Determine how many lines of the records include "Space", and answer with the number alone.
★ ★ ★ ★ ★ ★ ★
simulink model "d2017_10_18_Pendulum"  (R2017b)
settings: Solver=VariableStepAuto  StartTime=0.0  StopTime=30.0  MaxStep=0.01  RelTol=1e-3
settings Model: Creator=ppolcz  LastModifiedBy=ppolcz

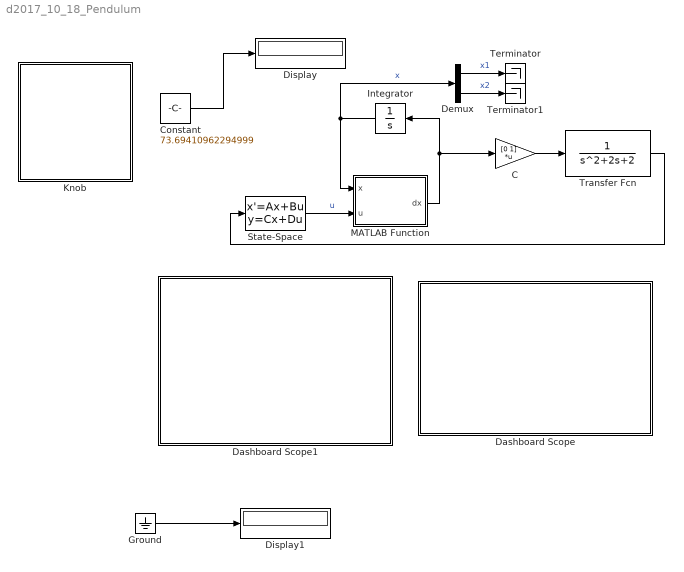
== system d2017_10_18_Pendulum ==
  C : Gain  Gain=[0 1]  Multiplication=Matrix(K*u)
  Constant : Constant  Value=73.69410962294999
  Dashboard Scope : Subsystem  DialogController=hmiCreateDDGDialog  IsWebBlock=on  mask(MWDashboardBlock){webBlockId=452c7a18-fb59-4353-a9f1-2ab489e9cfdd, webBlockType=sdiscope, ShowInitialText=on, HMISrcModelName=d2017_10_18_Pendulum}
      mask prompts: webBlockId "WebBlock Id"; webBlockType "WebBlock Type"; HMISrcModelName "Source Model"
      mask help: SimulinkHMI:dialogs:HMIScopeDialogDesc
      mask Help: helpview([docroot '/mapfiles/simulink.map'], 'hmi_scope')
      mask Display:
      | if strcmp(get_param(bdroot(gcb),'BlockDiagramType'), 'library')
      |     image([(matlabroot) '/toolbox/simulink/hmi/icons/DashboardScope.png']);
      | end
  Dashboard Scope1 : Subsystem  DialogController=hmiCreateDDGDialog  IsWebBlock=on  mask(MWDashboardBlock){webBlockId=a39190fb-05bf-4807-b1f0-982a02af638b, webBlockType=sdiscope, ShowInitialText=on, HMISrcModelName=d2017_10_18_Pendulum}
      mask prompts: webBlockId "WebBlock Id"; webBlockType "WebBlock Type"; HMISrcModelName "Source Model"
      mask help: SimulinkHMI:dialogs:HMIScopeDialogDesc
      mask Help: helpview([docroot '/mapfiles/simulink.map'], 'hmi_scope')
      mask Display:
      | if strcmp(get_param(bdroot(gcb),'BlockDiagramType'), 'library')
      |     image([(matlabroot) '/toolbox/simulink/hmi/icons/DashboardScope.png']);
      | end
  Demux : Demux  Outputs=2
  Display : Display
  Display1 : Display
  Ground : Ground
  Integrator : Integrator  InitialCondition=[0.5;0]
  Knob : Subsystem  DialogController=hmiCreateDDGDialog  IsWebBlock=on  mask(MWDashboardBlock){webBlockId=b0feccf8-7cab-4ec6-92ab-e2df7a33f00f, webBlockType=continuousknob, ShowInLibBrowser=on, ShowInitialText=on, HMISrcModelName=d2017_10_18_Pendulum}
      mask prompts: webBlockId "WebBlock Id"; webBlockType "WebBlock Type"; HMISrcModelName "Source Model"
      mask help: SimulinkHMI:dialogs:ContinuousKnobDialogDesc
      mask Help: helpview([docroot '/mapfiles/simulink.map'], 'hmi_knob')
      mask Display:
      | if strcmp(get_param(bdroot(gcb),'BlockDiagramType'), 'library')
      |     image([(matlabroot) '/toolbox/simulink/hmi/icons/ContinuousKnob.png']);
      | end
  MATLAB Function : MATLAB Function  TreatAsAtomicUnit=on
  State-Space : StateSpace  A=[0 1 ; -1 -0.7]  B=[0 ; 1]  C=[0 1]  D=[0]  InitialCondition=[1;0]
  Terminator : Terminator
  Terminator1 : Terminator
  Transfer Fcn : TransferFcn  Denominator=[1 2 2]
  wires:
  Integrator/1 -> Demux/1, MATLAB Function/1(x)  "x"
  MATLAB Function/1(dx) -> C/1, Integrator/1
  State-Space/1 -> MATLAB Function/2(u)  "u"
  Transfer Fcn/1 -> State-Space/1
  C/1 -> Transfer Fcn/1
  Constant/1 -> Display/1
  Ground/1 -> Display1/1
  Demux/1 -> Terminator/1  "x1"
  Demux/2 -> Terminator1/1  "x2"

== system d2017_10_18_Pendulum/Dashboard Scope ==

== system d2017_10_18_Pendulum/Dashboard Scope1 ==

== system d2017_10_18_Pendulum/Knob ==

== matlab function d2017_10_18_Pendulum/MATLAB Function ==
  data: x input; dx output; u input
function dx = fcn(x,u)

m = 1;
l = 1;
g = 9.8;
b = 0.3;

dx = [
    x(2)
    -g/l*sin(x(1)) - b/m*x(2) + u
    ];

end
★ ★ ★ ★ ★ ★ ★
#### RESULT OF THIS TASK:
3